SyntheRela is a comprehensive benchmark designed to evaluate and compare synthetic relational database generation methods. It provides a standardized framework for assessing both the fidelity and utility of synthetic data across multiple real-world databases. The benchmark includes novel evaluation metrics, particularly for relational data, and supports various open-source and commercial synthetic data generation methods.

SyntheRela is highly extensible, allowing users to benchmark on their own custom datasets and implement new evaluation metrics to suit specific use cases.

Our research on SyntheRela is presented in the paper "SyntheRela: A Benchmark For Synthetic Relational Database Generation" at the ICLR 2025 Workshop "Will Synthetic Data Finally Solve the Data Access Problem?", available on OpenReview.

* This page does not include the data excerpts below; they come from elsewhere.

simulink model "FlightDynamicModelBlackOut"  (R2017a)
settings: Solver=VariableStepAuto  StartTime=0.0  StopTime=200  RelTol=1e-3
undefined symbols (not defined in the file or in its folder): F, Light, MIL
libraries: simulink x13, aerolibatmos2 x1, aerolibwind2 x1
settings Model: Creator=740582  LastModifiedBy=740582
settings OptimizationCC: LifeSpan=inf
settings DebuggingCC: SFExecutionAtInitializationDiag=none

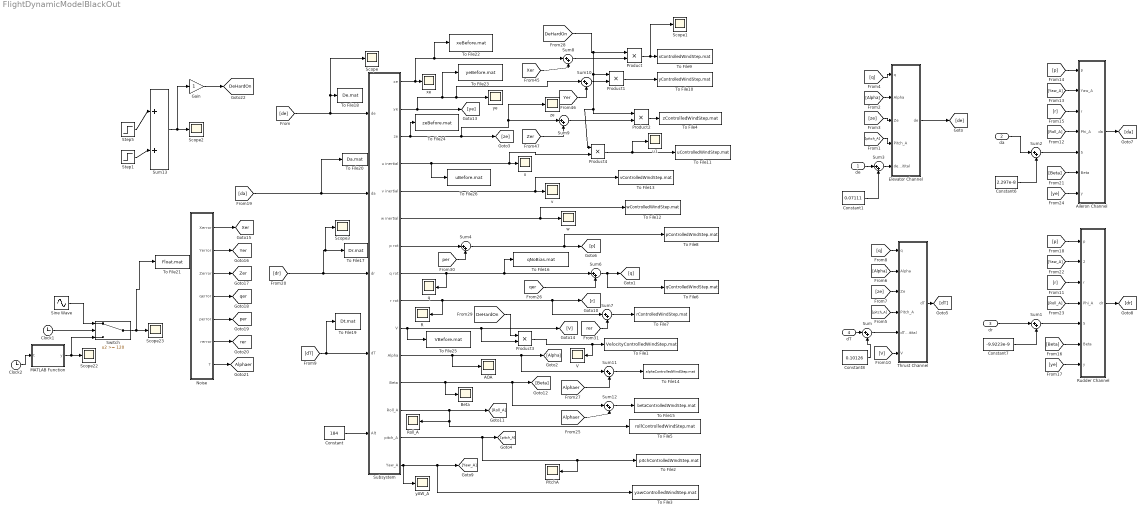
== system FlightDynamicModelBlackOut ==
  de : Inport
  da : Inport  Port=2
  dr : Inport  Port=3
  dT : Inport  Port=4
  AOA : Scope
  Aileron Channel : Subsystem
  "Beta " : Scope
  Clock1 : Clock
  Clock2 : Clock
  Constant : Constant  Value=184
  Constant1 : Constant  Value=0.07111
  Constant6 : Constant  Value=2.297e-8
  Constant7 : Constant  Value=-9.9223e-9
  Constant8 : Constant  Value=0.10126
  Elevator Channel : Subsystem
  Gain : Gain
  MATLAB Function : MATLAB Function  TreatAsAtomicUnit=on
  Noise : Subsystem
  PitchA : Scope
  Product{,1..4} (5 alike) : Product
  "R " : Scope
  "Roll_A " : Scope
  Rudder Channel : Subsystem
  Scope{,1..3,22..23} (6 alike) : Scope
  Sine Wave : Sin  Amplitude=0.1745  Frequency=0.1833  Phase=pi  SampleTime=0
  Step1 : Step  Time=80  SampleTime=20
  Step5 : Step  Time=40  Before=1  After=0  SampleTime=20
  Subsystem : Subsystem
  Sum{,1..4,6..13} (13 alike) : Sum  Inputs=|++
  Switch : Switch  Threshold=120
  Thrust Channel : Subsystem
  To File1 : ToFile  Filename=VelocityControlledWindStep.mat  MatrixName=VelocityControlledWindStep
  To File10 : ToFile  Filename=yControlledWindStep.mat  MatrixName=yControlledWindStep
  To File11 : ToFile  Filename=uControlledWindStep.mat  MatrixName=uControlledWindStep
  To File12 : ToFile  Filename=wControlledWindStep.mat  MatrixName=wControlledWindStep
  To File13 : ToFile  Filename=vControlledWindStep.mat  MatrixName=vControlledWindStep
  To File14 : ToFile  Filename=alphaControlledWindStep.mat  MatrixName=alphaControlledWindStep
  To File15 : ToFile  Filename=betaControlledWindStep.mat  MatrixName=betaControlledWindStep
  To File16 : ToFile  Filename=qNoBias.mat  MatrixName=qNoBias
  To File17 : ToFile  Filename=Dr.mat  MatrixName=Dr
  To File18 : ToFile  Filename=De.mat  MatrixName=De
  To File19 : ToFile  Filename=Dt.mat  MatrixName=Dt
  To File2 : ToFile  Filename=pitchControlledWindStep.mat  MatrixName=pitchControlledWindStep
  To File20 : ToFile  Filename=Da.mat  MatrixName=Da
  To File21 : ToFile  Filename=Float.mat  MatrixName=Float
  To File22 : ToFile  Filename=xeBefore.mat  MatrixName=xeBefore
  To File23 : ToFile  Filename=yeBefore.mat  MatrixName=yeBefore
  To File24 : ToFile  Filename=zeBefore.mat  MatrixName=zeBefore
  To File25 : ToFile  Filename=VBefore.mat  MatrixName=VBefore
  To File26 : ToFile  Filename=uBefore.mat  MatrixName=uBefore
  To File3 : ToFile  Filename=yawControlledWindStep.mat  MatrixName=yawControlledWindStep
  To File4 : ToFile  Filename=zControlledWindStep.mat  MatrixName=zControlledWindStep
  To File5 : ToFile  Filename=rollControlledWindStep.mat  MatrixName=rollControlledWindStep
  To File6 : ToFile  Filename=qControlledWindStep.mat  MatrixName=qControlledWindStep
  To File7 : ToFile  Filename=rControlledWindStep.mat  MatrixName=rControlledWindStep
  To File8 : ToFile  Filename=pControlledWindStep.mat  MatrixName=pControlledWindStep
  To File9 : ToFile  Filename=xControlledWindStep.mat  MatrixName=xControlledWindStep
  V : Scope
  q : Scope
  u : Scope
  u1 : Scope
  v : Scope
  w : Scope
  xe : Scope
  yAW_A : Scope
  ye : Scope
  ze : Scope
  tag scope: Alphaer=global, DeHardOn=global, Xer=global, Yer=global, Zer=global, per=global, qer=global, rer=global
  wires:
  Sum1/1 -> Rudder Channel/5(dr_Initital)
  [ze] -> Thrust Channel/3(Ze)
  [p] -> Rudder Channel/1(p)
  [r] -> Aileron Channel/3(r)
  [Beta] -> Rudder Channel/6(Beta)
  [V] -> Thrust Channel/6(V)
  [p] -> Aileron Channel/1(p)
  [pitch_A] -> Elevator Channel/4(Pitch_A)
  Sum3/1 -> Elevator Channel/5(de_Initital)
  Thrust Channel/1(dT) -> [dT]
  Rudder Channel/1(dr) -> [dr]
  [Roll_A] -> Aileron Channel/4(Phi_A)
  [Beta] -> Aileron Channel/6(Beta)
  [Alpha] -> Elevator Channel/2(Alpha)
  [r] -> Rudder Channel/3(r)
  dT/1 -> Sum/1
  [ze] -> Elevator Channel/3(Ze)
  [ye] -> Aileron Channel/7(y)
  da/1 -> Sum2/1
  Sum2/1 -> Aileron Channel/5(da_Initital)
  [q] -> Elevator Channel/1(q)
  [pitch_A] -> Thrust Channel/4(Pitch_A)
  [Yaw_A] -> Aileron Channel/2(Yaw_A)
  [ye] -> Rudder Channel/7(y)
  [Yaw_A] -> Rudder Channel/2(Yaw_A)
  Aileron Channel/1(da) -> [da]
  de/1 -> Sum3/1
  Elevator Channel/1(de) -> [de]
  [Roll_A] -> Rudder Channel/4(Phi_A)
  [q] -> Thrust Channel/1(q)
  Sum/1 -> Thrust Channel/5(dT_Initital)
  [Alpha] -> Thrust Channel/2(Alpha)
  dr/1 -> Sum1/1
  Subsystem/13(Roll_A) -> To File5/1, "Roll_A "/1, [Roll_A]
  Subsystem/15(Yaw_A) -> yAW_A/1, To File3/1, [Yaw_A]
  Subsystem/14(pitch_A) -> PitchA/1, To File2/1, [pitch_A]
  Subsystem/10(V) -> To File25/1, Product3/2, [V]
  Subsystem/6(w inertial) -> w/1, To File12/1
  Subsystem/5(v inertial) -> To File13/1, v/1
  Constant1/1 -> Sum3/2
  Constant/1 -> Subsystem/5(Alt)
  Constant6/1 -> Sum2/2
  Constant8/1 -> Sum/2
  Constant7/1 -> Sum1/2
  Subsystem/1(xe) -> To File22/1, Sum8/1, xe/1
  Subsystem/3(ze) -> To File24/1, ze/1, Sum9/1, [ze]
  Subsystem/2(ye) -> [ye], To File23/1, Sum10/1, ye/1
  Subsystem/8(q rot) -> q/1, Sum6/1, To File16/1
  Subsystem/4(u inertial) -> To File26/1, Product4/2, u/1
  Subsystem/11(Alpha) -> AOA/1, Sum11/1, [Alpha]
  Subsystem/12(Beta) -> Sum12/1, [Beta], "Beta "/1
  Noise/7(Alphaerror) -> [Alphaer]
  Noise/1(Xerror) -> [Xer]
  Noise/2(Yerror) -> [Yer]
  Noise/3(Zerror) -> [Zer]
  Noise/4(qerror) -> [qer]
  Noise/5(perror) -> [per]
  Noise/6(rerror) -> [rer]
  [rer] -> Sum7/2
  [per] -> Sum4/2
  Sum7/1 -> To File7/1
  Subsystem/9(r rot) -> "R "/1, Sum7/1, [r]
  [Yer] -> Sum10/2
  [Xer] -> Sum8/2
  [Zer] -> Sum9/2
  [Alphaer] -> Sum12/2
  [Alphaer] -> Sum11/2
  Sum11/1 -> To File14/1
  Sum12/1 -> To File15/1
  Subsystem/7(p rot) -> Sum4/1
  Sum4/1 -> To File8/1, [p]
  Sum6/1 -> To File6/1, [q]
  [qer] -> Sum6/2
  [DeHardOn] -> Product/1, Product1/1, Product4/1, Product2/1
  [dT] -> To File19/1, Subsystem/4(dT)
  Switch/1 -> To File21/1, Scope23/1
  Clock1/1 -> Switch/2
  Sine Wave/1 -> Switch/1
  Clock2/1 -> MATLAB Function/1(t)
  MATLAB Function/1(y) -> Scope22/1, Switch/3
  [dr] -> Scope3/1, To File17/1, Subsystem/3(dr)
  [da] -> To File20/1, Subsystem/2(da)
  [de] -> Scope/1, To File18/1, Subsystem/1(de)
  Step1/1 -> Sum13/2
  Step5/1 -> Sum13/1
  Sum13/1 -> Gain/1, Scope2/1
  Sum8/1 -> Product/2
  Product/1 -> Scope1/1, To File9/1
  Sum10/1 -> Product1/2
  Product1/1 -> To File10/1
  Sum9/1 -> Product2/2
  Product2/1 -> To File4/1
  Product3/1 -> V/1, To File1/1
  [DeHardOn] -> Product3/1
  Product4/1 -> u1/1, To File11/1
  Gain/1 -> [DeHardOn]

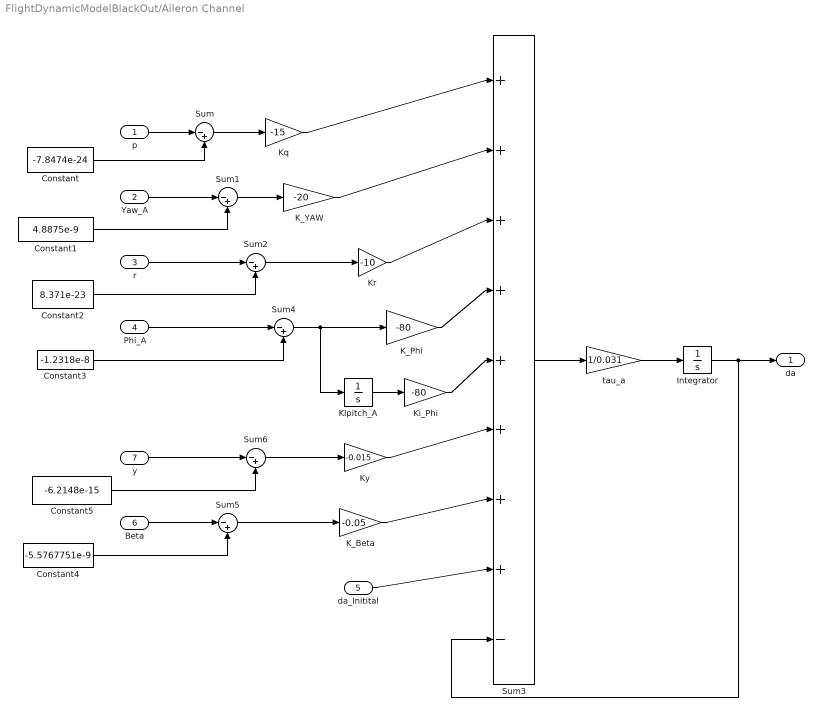
== system FlightDynamicModelBlackOut/Aileron Channel ==
  p : Inport
  Yaw_A : Inport  Port=2
  r : Inport  Port=3
  Phi_A : Inport  Port=4
  da_Initital : Inport  Port=5
  Beta : Inport  Port=6
  y : Inport  Port=7
  Constant : Constant  Value=-7.8474e-24
  Constant1 : Constant  Value=4.8875e-9
  Constant2 : Constant  Value=8.371e-23
  Constant3 : Constant  Value=-1.2318e-8
  Constant4 : Constant  Value=-5.5767751e-9
  Constant5 : Constant  Value=-6.2148e-15
  Integrator : Integrator  InitialCondition=2.297e-8  LimitOutput=on  UpperSaturationLimit=0.3490658504  LowerSaturationLimit=-0.3490658504
  KIpitch_A : Integrator
  K_Beta : Gain  Gain=-0.05
  K_Phi : Gain  Gain=-80
  K_YAW : Gain  Gain=-20
  Ki_Phi : Gain  Gain=-80
  Kq : Gain  Gain=-15
  Kr : Gain  Gain=-10
  Ky : Gain  Gain=-0.015
  Sum{,1..2,4..6} (6 alike) : Sum  Inputs=|-+
  Sum3 : Sum  Inputs=|++++++++-
  tau_a : Gain  Gain=1/0.031
  da : Outport  OutMin=[-0.3490658504]  OutMax=[0.3490658504]
  wires:
  Constant/1 -> Sum/2
  p/1 -> Sum/1
  Yaw_A/1 -> Sum1/1
  r/1 -> Sum2/1
  Phi_A/1 -> Sum4/1
  Constant1/1 -> Sum1/2
  Constant2/1 -> Sum2/2
  Constant3/1 -> Sum4/2
  Sum/1 -> Kq/1
  Sum1/1 -> K_YAW/1
  Sum2/1 -> Kr/1
  Sum4/1 -> KIpitch_A/1, K_Phi/1
  Kq/1 -> Sum3/1
  K_YAW/1 -> Sum3/2
  Kr/1 -> Sum3/3
  K_Phi/1 -> Sum3/4
  Sum3/1 -> tau_a/1
  Ki_Phi/1 -> Sum3/5
  KIpitch_A/1 -> Ki_Phi/1
  tau_a/1 -> Integrator/1
  Integrator/1 -> Sum3/9, da/1
  da_Initital/1 -> Sum3/8
  K_Beta/1 -> Sum3/7
  Beta/1 -> Sum5/1
  Sum5/1 -> K_Beta/1
  Constant4/1 -> Sum5/2
  Ky/1 -> Sum3/6
  y/1 -> Sum6/1
  Sum6/1 -> Ky/1
  Constant5/1 -> Sum6/2

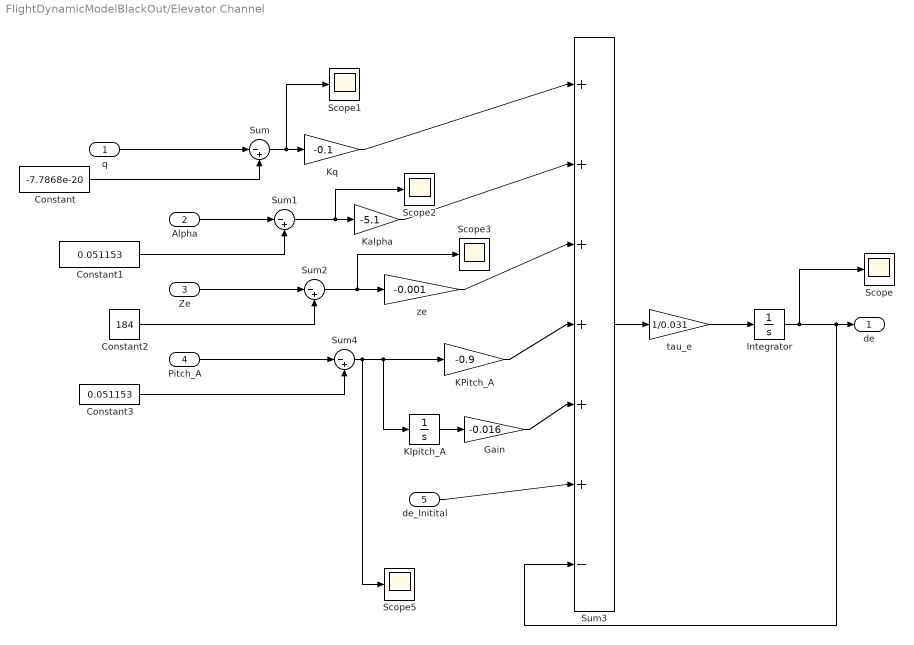
== system FlightDynamicModelBlackOut/Elevator Channel ==
  q : Inport
  Alpha : Inport  Port=2
  Ze : Inport  Port=3
  Pitch_A : Inport  Port=4
  de_Initital : Inport  Port=5
  Constant : Constant  Value=-7.7868e-20
  Constant1 : Constant  Value=0.051153
  Constant2 : Constant  Value=184
  Constant3 : Constant  Value=0.051153
  Gain : Gain  Gain=-0.016
  Integrator : Integrator  InitialCondition=0.07111  LimitOutput=on  UpperSaturationLimit=0.3490658504  LowerSaturationLimit=-0.6981317008
  KIpitch_A : Integrator
  KPitch_A : Gain  Gain=-0.9
  Kalpha : Gain  Gain=-5.1
  Kq : Gain  Gain=-0.1
  Scope{,1..3,5} (5 alike) : Scope
  Sum{,1..2,4} (4 alike) : Sum  Inputs=|-+
  Sum3 : Sum  Inputs=|++++++-
  tau_e : Gain  Gain=1/0.031
  ze : Gain  Gain=-0.001
  de : Outport  OutMin=[-0.6981317008504]  OutMax=[0.3490658504]
  wires:
  Alpha/1 -> Sum1/1
  Ze/1 -> Sum2/1
  Pitch_A/1 -> Sum4/1
  Constant1/1 -> Sum1/2
  Constant2/1 -> Sum2/2
  Constant3/1 -> Sum4/2
  Sum/1 -> Scope1/1, Kq/1
  Sum1/1 -> Scope2/1, Kalpha/1
  Sum2/1 -> Scope3/1, ze/1
  Sum4/1 -> Scope5/1, KIpitch_A/1, KPitch_A/1
  Kq/1 -> Sum3/1
  Kalpha/1 -> Sum3/2
  ze/1 -> Sum3/3
  KPitch_A/1 -> Sum3/4
  Sum3/1 -> tau_e/1
  de_Initital/1 -> Sum3/6
  Gain/1 -> Sum3/5
  KIpitch_A/1 -> Gain/1
  tau_e/1 -> Integrator/1
  Integrator/1 -> Scope/1, Sum3/7, de/1
  q/1 -> Sum/1
  Constant/1 -> Sum/2

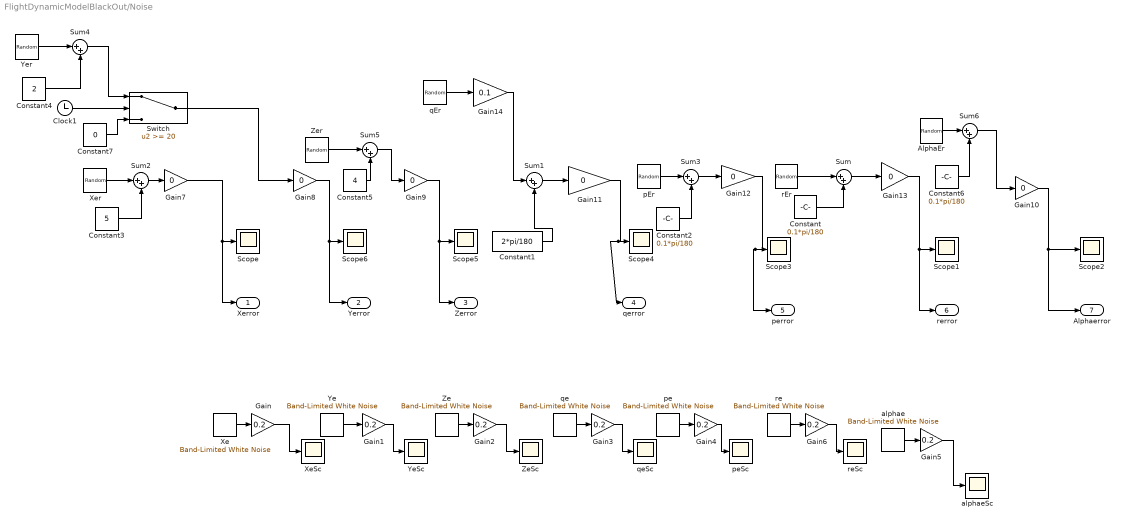
== system FlightDynamicModelBlackOut/Noise ==
  AlphaEr : UniformRandomNumber  Minimum=-0.001*0.1014*pi/180  Maximum=0.001*0.1014*pi/180  SampleTime=0.1
  Clock1 : Clock
  Constant : Constant  Value=0.1*pi/180
  Constant1 : Constant  Value=2*pi/180
  Constant2 : Constant  Value=0.1*pi/180
  Constant3 : Constant  Value=5
  Constant4 : Constant  Value=2
  Constant5 : Constant  Value=4
  Constant6 : Constant  Value=0.1*pi/180
  Constant7 : Constant  Value=0
  Gain{,1..6} (7 alike) : Gain  Gain=0.2
  Gain{7..13} (7 alike) : Gain  Gain=0
  Gain14 : Gain  Gain=0.1
  Scope{,1..6} (7 alike) : Scope
  Sum{,1..6} (7 alike) : Sum  Inputs=|++
  Switch : Switch  Threshold=20
  Xe : simulink/Sources/Band-Limited White Noise  Cov=[0.8]  Ts=0.1  seed=[23341]
  XeSc : Scope
  Xer : UniformRandomNumber  Minimum=-2  Maximum=2  SampleTime=0.1
  Ye : simulink/Sources/Band-Limited White Noise  Cov=[0.1*0.5]  Ts=0.1  seed=[23341]
  YeSc : Scope
  Yer : UniformRandomNumber  Minimum=-0.05  Maximum=0.05  SampleTime=0.1
  Ze : simulink/Sources/Band-Limited White Noise  Cov=[0.1]  Ts=0.1  seed=[23341]
  ZeSc : Scope
  Zer : UniformRandomNumber  SampleTime=0.1
  alphae : simulink/Sources/Band-Limited White Noise  Cov=[0.0000008]  Ts=0.1  seed=[23341]
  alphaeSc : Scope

We maintain a public leaderboard on Hugging Face where you can compare the performance of different synthetic data generation methods.

Installation

To install only the benchmark package, run the following command:

pip install syntherela

Using SyntheRela

To evaluate your synthetic relational data, configure the Benchmark class with your desired metrics and run the evaluation pipeline:

from syntherela.benchmark import Benchmark
from syntherela.metrics.single_column.statistical import ChiSquareTest
from syntherela.metrics.single_table.distance import MaximumMeanDiscrepancy
from syntherela.metrics.multi_table.statistical import CardinalityShapeSimilarity
from syntherela.metrics.multi_table.detection import AggregationDetection
from xgboost import XGBClassifier

# Initialize the benchmark with specific metrics
benchmark = Benchmark(
    real_data_dir="path/to/real_data",
    synthetic_data_dir="path/to/synthetic_data",
    results_dir="results",
    single_column_metrics=[ChiSquareTest()],
    single_table_metrics=[MaximumMeanDiscrepancy()],
    multi_table_metrics=[
        CardinalityShapeSimilarity(),
        AggregationDetection(classifier_cls=XGBClassifier, random_state=42)
    ],
    datasets=["your_dataset_name"],
    methods=["your_method_name"]
)

# Execute evaluation
benchmark.run()

Examples

We provide example notebooks to help you get started with syntherela in the examples/ directory.

Replicating the paper's results

For detailed instructions on how to replicate the paper's results, please refer to docs/REPLICATING_RESULTS.md.

Adding a new metric

The documentation for adding a new metric can be found in docs/ADDING_A_METRIC.md.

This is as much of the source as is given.